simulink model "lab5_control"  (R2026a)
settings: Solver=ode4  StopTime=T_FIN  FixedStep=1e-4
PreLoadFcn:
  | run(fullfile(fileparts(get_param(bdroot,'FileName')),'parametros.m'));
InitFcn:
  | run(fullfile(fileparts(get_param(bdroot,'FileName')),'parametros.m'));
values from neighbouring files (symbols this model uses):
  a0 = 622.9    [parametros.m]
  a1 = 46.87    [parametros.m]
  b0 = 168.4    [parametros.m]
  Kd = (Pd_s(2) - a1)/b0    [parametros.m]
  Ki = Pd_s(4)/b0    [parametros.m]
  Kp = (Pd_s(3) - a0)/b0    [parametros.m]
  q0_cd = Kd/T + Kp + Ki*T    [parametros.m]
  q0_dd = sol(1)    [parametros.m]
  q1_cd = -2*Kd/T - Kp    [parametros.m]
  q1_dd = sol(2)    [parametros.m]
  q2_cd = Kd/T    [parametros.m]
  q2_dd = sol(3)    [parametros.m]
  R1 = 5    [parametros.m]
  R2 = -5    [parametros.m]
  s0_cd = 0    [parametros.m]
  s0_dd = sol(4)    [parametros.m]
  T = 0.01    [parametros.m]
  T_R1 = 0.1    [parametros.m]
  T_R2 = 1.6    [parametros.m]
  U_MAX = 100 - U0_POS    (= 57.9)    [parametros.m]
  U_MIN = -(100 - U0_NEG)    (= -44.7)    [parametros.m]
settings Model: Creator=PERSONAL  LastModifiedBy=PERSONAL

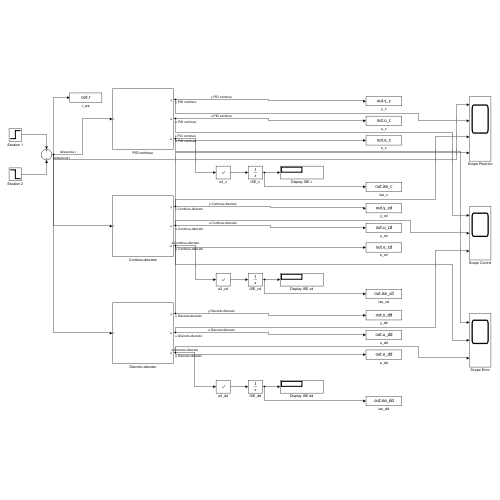
[thumbnail: Simulink's stored preview of the top-level diagram]
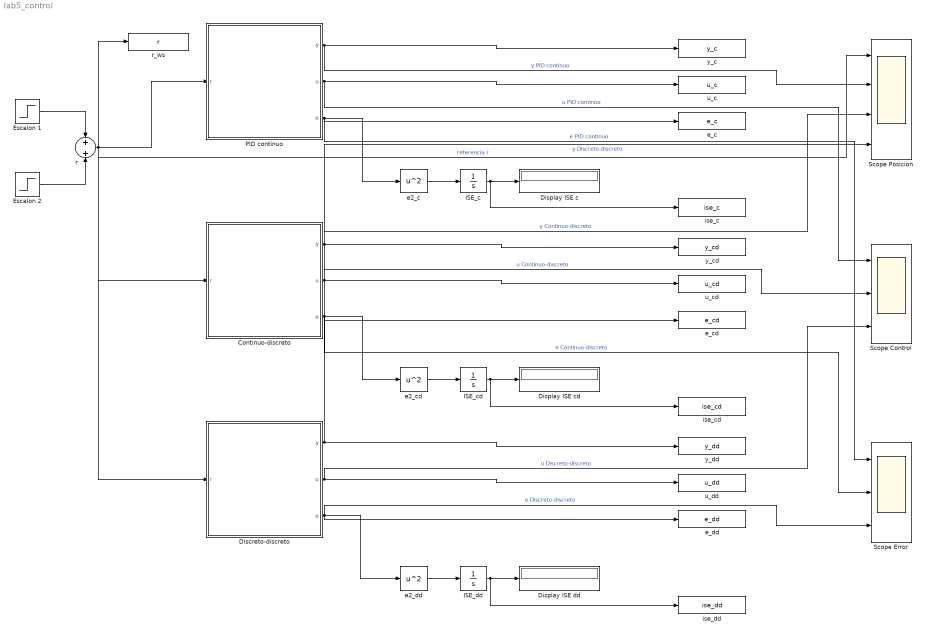
== system lab5_control ==
  Continuo-discreto : Subsystem
  Discreto-discreto : Subsystem
  Display ISE c : Display
  Display ISE cd : Display
  Display ISE dd : Display
  Escalon 1 : Step  Time=T_R1  FinalValue=R1  SampleTime=0
  Escalon 2 : Step  Time=T_R2  FinalValue=R2-R1  SampleTime=0
  ISE_c : Integrator
  ISE_cd : Integrator
  ISE_dd : Integrator
  PID continuo : Subsystem
  Scope Control : Scope  NumInputPorts=3
  Scope Error : Scope  NumInputPorts=3
  Scope Posicion : Scope  NumInputPorts=4
  e2_c : Math  Operator=square
  e2_cd : Math  Operator=square
  e2_dd : Math  Operator=square
  e_c : ToWorkspace  VariableName=e_c  SaveFormat=Timeseries  SampleTime=1e-3
  e_cd : ToWorkspace  VariableName=e_cd  SaveFormat=Timeseries  SampleTime=1e-3
  e_dd : ToWorkspace  VariableName=e_dd  SaveFormat=Timeseries  SampleTime=1e-3
  ise_c : ToWorkspace  VariableName=ise_c  SaveFormat=Timeseries  SampleTime=1e-3
  ise_cd : ToWorkspace  VariableName=ise_cd  SaveFormat=Timeseries  SampleTime=1e-3
  ise_dd : ToWorkspace  VariableName=ise_dd  SaveFormat=Timeseries  SampleTime=1e-3
  r : Sum
  r_ws : ToWorkspace  VariableName=r  SaveFormat=Timeseries  SampleTime=1e-3
  u_c : ToWorkspace  VariableName=u_c  SaveFormat=Timeseries  SampleTime=1e-3
  u_cd : ToWorkspace  VariableName=u_cd  SaveFormat=Timeseries  SampleTime=1e-3
  u_dd : ToWorkspace  VariableName=u_dd  SaveFormat=Timeseries  SampleTime=1e-3
  y_c : ToWorkspace  VariableName=y_c  SaveFormat=Timeseries  SampleTime=1e-3
  y_cd : ToWorkspace  VariableName=y_cd  SaveFormat=Timeseries  SampleTime=1e-3
  y_dd : ToWorkspace  VariableName=y_dd  SaveFormat=Timeseries  SampleTime=1e-3
  wires:
  Discreto-discreto/2(u) -> u_dd/1, Scope Control/3  "u Discreto-discreto"
  Discreto-discreto/1(y) -> y_dd/1, Scope Posicion/4  "y Discreto-discreto"
  ISE_dd/1 -> Display ISE dd/1, ise_dd/1
  e2_dd/1 -> ISE_dd/1
  Discreto-discreto/3(e) -> e2_dd/1, e_dd/1, Scope Error/3  "e Discreto-discreto"
  Continuo-discreto/2(u) -> u_cd/1, Scope Control/2  "u Continuo-discreto"
  Continuo-discreto/1(y) -> y_cd/1, Scope Posicion/3  "y Continuo-discreto"
  ISE_cd/1 -> Display ISE cd/1, ise_cd/1
  e2_cd/1 -> ISE_cd/1
  Continuo-discreto/3(e) -> e2_cd/1, e_cd/1, Scope Error/2  "e Continuo-discreto"
  PID continuo/2(u) -> u_c/1, Scope Control/1  "u PID continuo"
  PID continuo/1(y) -> y_c/1, Scope Posicion/2  "y PID continuo"
  ISE_c/1 -> Display ISE c/1, ise_c/1
  e2_c/1 -> ISE_c/1
  PID continuo/3(e) -> e2_c/1, e_c/1, Scope Error/1  "e PID continuo"
  r/1 -> PID continuo/1(r), Continuo-discreto/1(r), Discreto-discreto/1(r), r_ws/1, Scope Posicion/1  "referencia r"
  Escalon 2/1 -> r/2
  Escalon 1/1 -> r/1

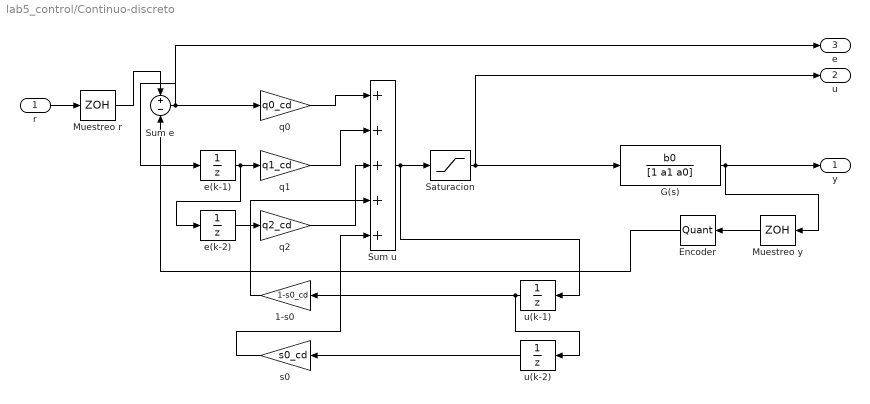
== system lab5_control/Continuo-discreto ==
  r : Inport
  1-s0 : Gain  Gain=1-s0_cd
  Encoder : Quantizer  QuantizationInterval=Q_ENC
  G(s) : TransferFcn  Numerator=b0  Denominator=[1 a1 a0]
  Muestreo r : ZeroOrderHold  SampleTime=T
  Muestreo y : ZeroOrderHold  SampleTime=T
  Saturacion : Saturate  UpperLimit=U_MAX  LowerLimit=U_MIN
  Sum e : Sum  Inputs=+-
  Sum u : Sum  Inputs=+++++
  e(k-1) : UnitDelay  SampleTime=T
  e(k-2) : UnitDelay  SampleTime=T
  q0 : Gain  Gain=q0_cd
  q1 : Gain  Gain=q1_cd
  q2 : Gain  Gain=q2_cd
  s0 : Gain  Gain=s0_cd
  u(k-1) : UnitDelay  SampleTime=T
  u(k-2) : UnitDelay  SampleTime=T
  y : Outport
  u : Outport  Port=2
  e : Outport  Port=3
  wires:
  r/1 -> Muestreo r/1
  Muestreo r/1 -> Sum e/1
  Sum e/1 -> q0/1, e(k-1)/1, e/1
  e(k-1)/1 -> q1/1, e(k-2)/1
  e(k-2)/1 -> q2/1
  q0/1 -> Sum u/1
  q1/1 -> Sum u/2
  q2/1 -> Sum u/3
  1-s0/1 -> Sum u/4
  s0/1 -> Sum u/5
  Sum u/1 -> Saturacion/1, u(k-1)/1
  Saturacion/1 -> G(s)/1, u/1
  u(k-1)/1 -> 1-s0/1, u(k-2)/1
  u(k-2)/1 -> s0/1
  G(s)/1 -> y/1, Muestreo y/1
  Muestreo y/1 -> Encoder/1
  Encoder/1 -> Sum e/2

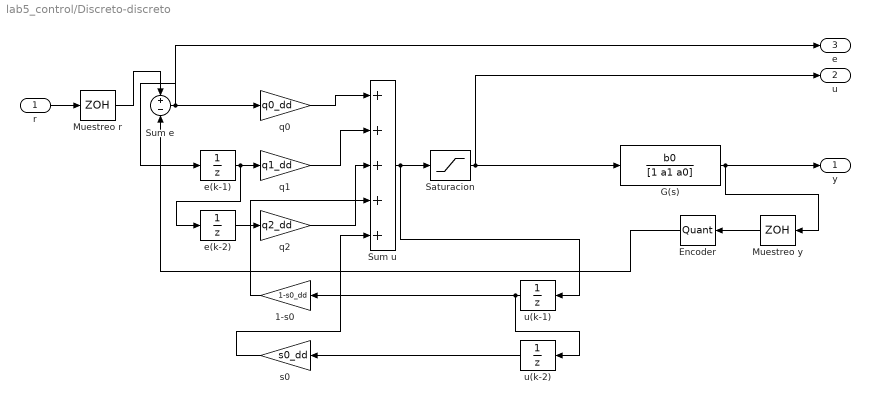
== system lab5_control/Discreto-discreto ==
  r : Inport
  1-s0 : Gain  Gain=1-s0_dd
  Encoder : Quantizer  QuantizationInterval=Q_ENC
  G(s) : TransferFcn  Numerator=b0  Denominator=[1 a1 a0]
  Muestreo r : ZeroOrderHold  SampleTime=T
  Muestreo y : ZeroOrderHold  SampleTime=T
  Saturacion : Saturate  UpperLimit=U_MAX  LowerLimit=U_MIN
  Sum e : Sum  Inputs=+-
  Sum u : Sum  Inputs=+++++
  e(k-1) : UnitDelay  SampleTime=T
  e(k-2) : UnitDelay  SampleTime=T
  q0 : Gain  Gain=q0_dd
  q1 : Gain  Gain=q1_dd
  q2 : Gain  Gain=q2_dd
  s0 : Gain  Gain=s0_dd
  u(k-1) : UnitDelay  SampleTime=T
  u(k-2) : UnitDelay  SampleTime=T
  y : Outport
  u : Outport  Port=2
  e : Outport  Port=3
  wires:
  r/1 -> Muestreo r/1
  Muestreo r/1 -> Sum e/1
  Sum e/1 -> q0/1, e(k-1)/1, e/1
  e(k-1)/1 -> q1/1, e(k-2)/1
  e(k-2)/1 -> q2/1
  q0/1 -> Sum u/1
  q1/1 -> Sum u/2
  q2/1 -> Sum u/3
  1-s0/1 -> Sum u/4
  s0/1 -> Sum u/5
  Sum u/1 -> Saturacion/1, u(k-1)/1
  Saturacion/1 -> G(s)/1, u/1
  u(k-1)/1 -> 1-s0/1, u(k-2)/1
  u(k-2)/1 -> s0/1
  G(s)/1 -> y/1, Muestreo y/1
  Muestreo y/1 -> Encoder/1
  Encoder/1 -> Sum e/2

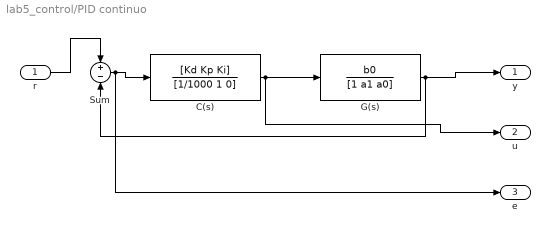
== system lab5_control/PID continuo ==
  r : Inport
  C(s) : TransferFcn  Numerator=[Kd Kp Ki]  Denominator=[1/1000 1 0]
  G(s) : TransferFcn  Numerator=b0  Denominator=[1 a1 a0]
  Sum : Sum  Inputs=+-
  y : Outport
  u : Outport  Port=2
  e : Outport  Port=3
  wires:
  r/1 -> Sum/1
  Sum/1 -> C(s)/1, e/1
  C(s)/1 -> G(s)/1, u/1
  G(s)/1 -> y/1, Sum/2

» **The task**
In the records, how many lines have the word "Operator" in them? Only the number is needed.

» **Exercise response**
3